(Brief) Your answer must be the lines from the first one in the material through the line with "doc.layers.add(name, color=color, linetype=linetype)", retyped exactly and with no pictures.

(Input data)
========================

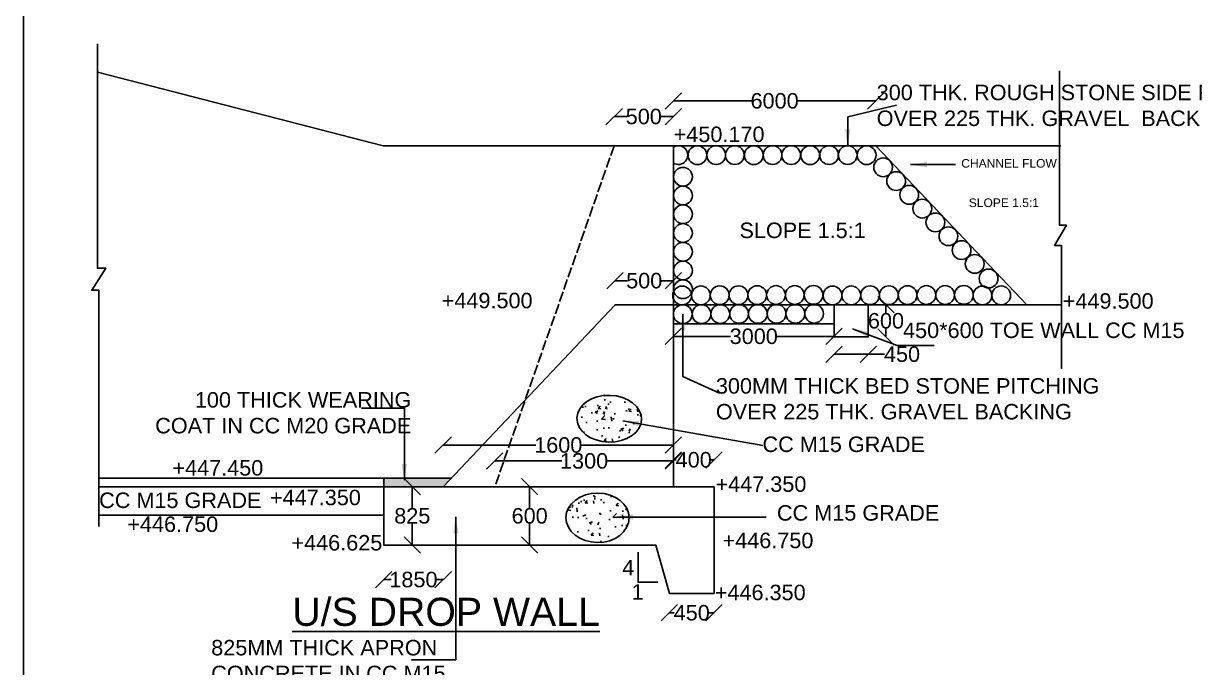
# Model space of a CAD drawing. Header units: millimetres. Extents: x 5124 to 6568637, y 2311 to 91879094.
# Drawn here: x 3782068 to 3788872, y 45935980 to 45939726 of the extents above; entities that cross this region are included whole.
import ezdxf

# ---------------------------------------------------------------- set-up
doc = ezdxf.new("R2010")
doc.units = ezdxf.units.MM
doc.header["$MEASUREMENT"] = 0
doc.linetypes.add('ACAD_ISO02W100', pattern=[15, 12, -3])
for name, color, linetype in [('DIMENSION', 7, 'Continuous'), ('DRAWING', 7, 'Continuous'), ('TEXT', 7, 'Continuous')]:
    doc.layers.add(name, color=color, linetype=linetype)
doc.styles.get("Standard").update_dxf_attribs({"font": 'arial.ttf', "height": 90})
doc.dimstyles.get("Standard").update_dxf_attribs({"dimtxt": 200, "dimasz": 110, "dimexe": 0.18, "dimexo": 0.0625, "dimgap": 0.09, "dimtad": 0, "dimtih": 1, "dimtoh": 1, "dimdec": 0, "dimzin": 0, "dimdsep": 46, "dimtxsty": 'Standard', "dimblk": 'OBLIQUE', "dimcen": 0.09, "dimse1": 1, "dimse2": 1, "dimadec": 0, "dimazin": 0, "dimtfac": 1, "dimtdec": 0, "dimtofl": 0, "dimtmove": 0, "dimatfit": 3, "dimfxl": 1, "dimtolj": 1, "dimtzin": 0, "dimarcsym": 0})

# ---------------------------------------------------------------- blocks, each defined once
blk = doc.blocks.new('_Oblique')
at = {"color": 0, "linetype": 'ByBlock', "lineweight": -2}
blk.add_line((-0.5, -0.5), (0.5, 0.5), dxfattribs=at)
blk = doc.blocks.new('*D173')
at = {"layer": 'Defpoints', "color": 0, "linetype": 'Continuous', "transparency": 16777216}
for p in [(3784327, 45937031.5), (3784327, 45936692.5), (3784327, 45936692.5)]:
    blk.add_point(p, dxfattribs=at)
at = {"layer": 'DRAWING', "color": 0, "linetype": 'Continuous', "lineweight": -2, "transparency": 16777216}
for p, q in [((3784327, 45937031.5), (3784327, 45936908)), ((3784327, 45936692.5), (3784327, 45936816))]:
    blk.add_line(p, q, dxfattribs=at)
at = {"layer": 'DRAWING', "color": 0, "linetype": 'Continuous', "lineweight": -2, "transparency": 16777216, "xscale": 95, "yscale": 95, "zscale": 95}
for p, rotation in [((3784327, 45937031.5), 90), ((3784327, 45936692.5), 270)]:
    blk.add_blockref('_Oblique', p, dxfattribs=dict(at, rotation=rotation))
at = {"layer": 'DRAWING', "color": 0, "linetype": 'Continuous', "transparency": 16777216, "insert": (3784327, 45936862), "char_height": 90, "attachment_point": 5}
blk.add_mtext('\\A1;825', dxfattribs=at)
blk = doc.blocks.new('*D174')
at = {"layer": 'Defpoints', "color": 0, "linetype": 'Continuous', "transparency": 16777216}
for p in [(3784161, 45937031.5), (3784506.5, 45937031.5), (3784506.5, 45936491.5)]:
    blk.add_point(p, dxfattribs=at)
at = {"layer": 'DRAWING', "color": 0, "linetype": 'Continuous', "lineweight": -2, "transparency": 16777216}
for p, q in [((3784161, 45936491.5), (3784203.7, 45936491.5)), ((3784506.5, 45936491.5), (3784463.8, 45936491.5))]:
    blk.add_line(p, q, dxfattribs=at)
at = {"layer": 'DRAWING', "color": 0, "linetype": 'Continuous', "lineweight": -2, "transparency": 16777216, "xscale": 95, "yscale": 95, "zscale": 95, "rotation": 180}
blk.add_blockref('_Oblique', (3784161, 45936491.5), dxfattribs=at)
at = {"layer": 'DRAWING', "color": 0, "linetype": 'Continuous', "lineweight": -2, "transparency": 16777216, "xscale": 95, "yscale": 95, "zscale": 95}
blk.add_blockref('_Oblique', (3784506.5, 45936491.5), dxfattribs=at)
at = {"layer": 'DRAWING', "color": 0, "linetype": 'Continuous', "transparency": 16777216, "insert": (3784333.8, 45936491.5), "char_height": 90, "attachment_point": 5}
blk.add_mtext('\\A1;1850', dxfattribs=at)
blk = doc.blocks.new('*D175')
at = {"layer": 'Defpoints', "color": 0, "linetype": 'Continuous', "transparency": 16777216}
for p in [(3785009, 45937031.5), (3785009, 45936692.5), (3785009, 45936692.5)]:
    blk.add_point(p, dxfattribs=at)
at = {"layer": 'DRAWING', "color": 0, "linetype": 'Continuous', "lineweight": -2, "transparency": 16777216}
for p, q in [((3785009, 45937031.5), (3785009, 45936908)), ((3785009, 45936692.5), (3785009, 45936816))]:
    blk.add_line(p, q, dxfattribs=at)
at = {"layer": 'DRAWING', "color": 0, "linetype": 'Continuous', "lineweight": -2, "transparency": 16777216, "xscale": 95, "yscale": 95, "zscale": 95}
for p, rotation in [((3785009, 45937031.5), 90), ((3785009, 45936692.5), 270)]:
    blk.add_blockref('_Oblique', p, dxfattribs=dict(at, rotation=rotation))
at = {"layer": 'DRAWING', "color": 0, "linetype": 'Continuous', "transparency": 16777216, "insert": (3785009, 45936862), "char_height": 90, "attachment_point": 5}
blk.add_mtext('\\A1;600', dxfattribs=at)
blk = doc.blocks.new('*D176')
at = {"layer": 'Defpoints', "color": 0, "linetype": 'Continuous', "transparency": 16777216}
for p in [(3785844, 45937181.5), (3784806.5, 45937031.5), (3785844, 45937031.5)]:
    blk.add_point(p, dxfattribs=at)
at = {"layer": 'DRAWING', "color": 0, "linetype": 'Continuous', "lineweight": -2, "transparency": 16777216}
for p, q in [((3784806.5, 45937181.5), (3785195.2, 45937181.5)), ((3785844, 45937181.5), (3785455.3, 45937181.5))]:
    blk.add_line(p, q, dxfattribs=at)
at = {"layer": 'DRAWING', "color": 0, "linetype": 'Continuous', "lineweight": -2, "transparency": 16777216, "xscale": 95, "yscale": 95, "zscale": 95, "rotation": 180}
blk.add_blockref('_Oblique', (3784806.5, 45937181.5), dxfattribs=at)
at = {"layer": 'DRAWING', "color": 0, "linetype": 'Continuous', "lineweight": -2, "transparency": 16777216, "xscale": 95, "yscale": 95, "zscale": 95}
blk.add_blockref('_Oblique', (3785844, 45937181.5), dxfattribs=at)
at = {"layer": 'DRAWING', "color": 0, "linetype": 'Continuous', "transparency": 16777216, "insert": (3785325.2, 45937181.5), "char_height": 90, "attachment_point": 5}
blk.add_mtext('\\A1;1300', dxfattribs=at)
blk = doc.blocks.new('*D177')
at = {"layer": 'Defpoints', "color": 0, "linetype": 'Continuous', "transparency": 16777216}
for p in [(3786080, 45937188), (3785844, 45937031.5), (3786080, 45937031.5)]:
    blk.add_point(p, dxfattribs=at)
at = {"layer": 'DRAWING', "color": 0, "linetype": 'Continuous', "lineweight": -2, "transparency": 16777216}
for p, q in [((3785844, 45937188), (3785860.8, 45937188)), ((3786080, 45937188), (3786063.2, 45937188))]:
    blk.add_line(p, q, dxfattribs=at)
at = {"layer": 'DRAWING', "color": 0, "linetype": 'Continuous', "lineweight": -2, "transparency": 16777216, "xscale": 95, "yscale": 95, "zscale": 95, "rotation": 180}
blk.add_blockref('_Oblique', (3785844, 45937188), dxfattribs=at)
at = {"layer": 'DRAWING', "color": 0, "linetype": 'Continuous', "lineweight": -2, "transparency": 16777216, "xscale": 95, "yscale": 95, "zscale": 95}
blk.add_blockref('_Oblique', (3786080, 45937188), dxfattribs=at)
at = {"layer": 'DRAWING', "color": 0, "linetype": 'Continuous', "transparency": 16777216, "insert": (3785962, 45937188), "char_height": 90, "attachment_point": 5}
blk.add_mtext('\\A1;400', dxfattribs=at)
blk = doc.blocks.new('*D178')
at = {"layer": 'Defpoints', "color": 0, "linetype": 'Continuous', "transparency": 16777216}
for p in [(3785844, 45937274), (3784506.5, 45937031.5), (3785844, 45937031.5)]:
    blk.add_point(p, dxfattribs=at)
at = {"layer": 'DRAWING', "color": 0, "linetype": 'Continuous', "lineweight": -2, "transparency": 16777216}
for p, q in [((3784506.5, 45937274), (3785045.2, 45937274)), ((3785844, 45937274), (3785305.3, 45937274))]:
    blk.add_line(p, q, dxfattribs=at)
at = {"layer": 'DRAWING', "color": 0, "linetype": 'Continuous', "lineweight": -2, "transparency": 16777216, "xscale": 95, "yscale": 95, "zscale": 95, "rotation": 180}
blk.add_blockref('_Oblique', (3784506.5, 45937274), dxfattribs=at)
at = {"layer": 'DRAWING', "color": 0, "linetype": 'Continuous', "lineweight": -2, "transparency": 16777216, "xscale": 95, "yscale": 95, "zscale": 95}
blk.add_blockref('_Oblique', (3785844, 45937274), dxfattribs=at)
at = {"layer": 'DRAWING', "color": 0, "linetype": 'Continuous', "transparency": 16777216, "insert": (3785175.2, 45937274), "char_height": 90, "attachment_point": 5}
blk.add_mtext('\\A1;1600', dxfattribs=at)
blk = doc.blocks.new('*D179')
at = {"layer": 'Defpoints', "color": 0, "linetype": 'Continuous', "transparency": 16777216}
for p in [(3785821, 45936411), (3786080, 45936411), (3786080, 45936298.5)]:
    blk.add_point(p, dxfattribs=at)
at = {"layer": 'DRAWING', "color": 0, "linetype": 'Continuous', "lineweight": -2, "transparency": 16777216}
for p, q in [((3785821, 45936298.5), (3785849.3, 45936298.5)), ((3786080, 45936298.5), (3786051.7, 45936298.5))]:
    blk.add_line(p, q, dxfattribs=at)
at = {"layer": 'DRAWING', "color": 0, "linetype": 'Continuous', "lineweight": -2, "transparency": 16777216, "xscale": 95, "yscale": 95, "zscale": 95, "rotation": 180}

========================

(Output below)
# Model space of a CAD drawing. Header units: millimetres. Extents: x 5124 to 6568637, y 2311 to 91879094.
# Drawn here: x 3782068 to 3788872, y 45935980 to 45939726 of the extents above; entities that cross this region are included whole.
import ezdxf

# ---------------------------------------------------------------- set-up
doc = ezdxf.new("R2010")
doc.units = ezdxf.units.MM
doc.header["$MEASUREMENT"] = 0
doc.linetypes.add('ACAD_ISO02W100', pattern=[15, 12, -3])
for name, color, linetype in [('DIMENSION', 7, 'Continuous'), ('DRAWING', 7, 'Continuous'), ('TEXT', 7, 'Continuous')]:
    doc.layers.add(name, color=color, linetype=linetype)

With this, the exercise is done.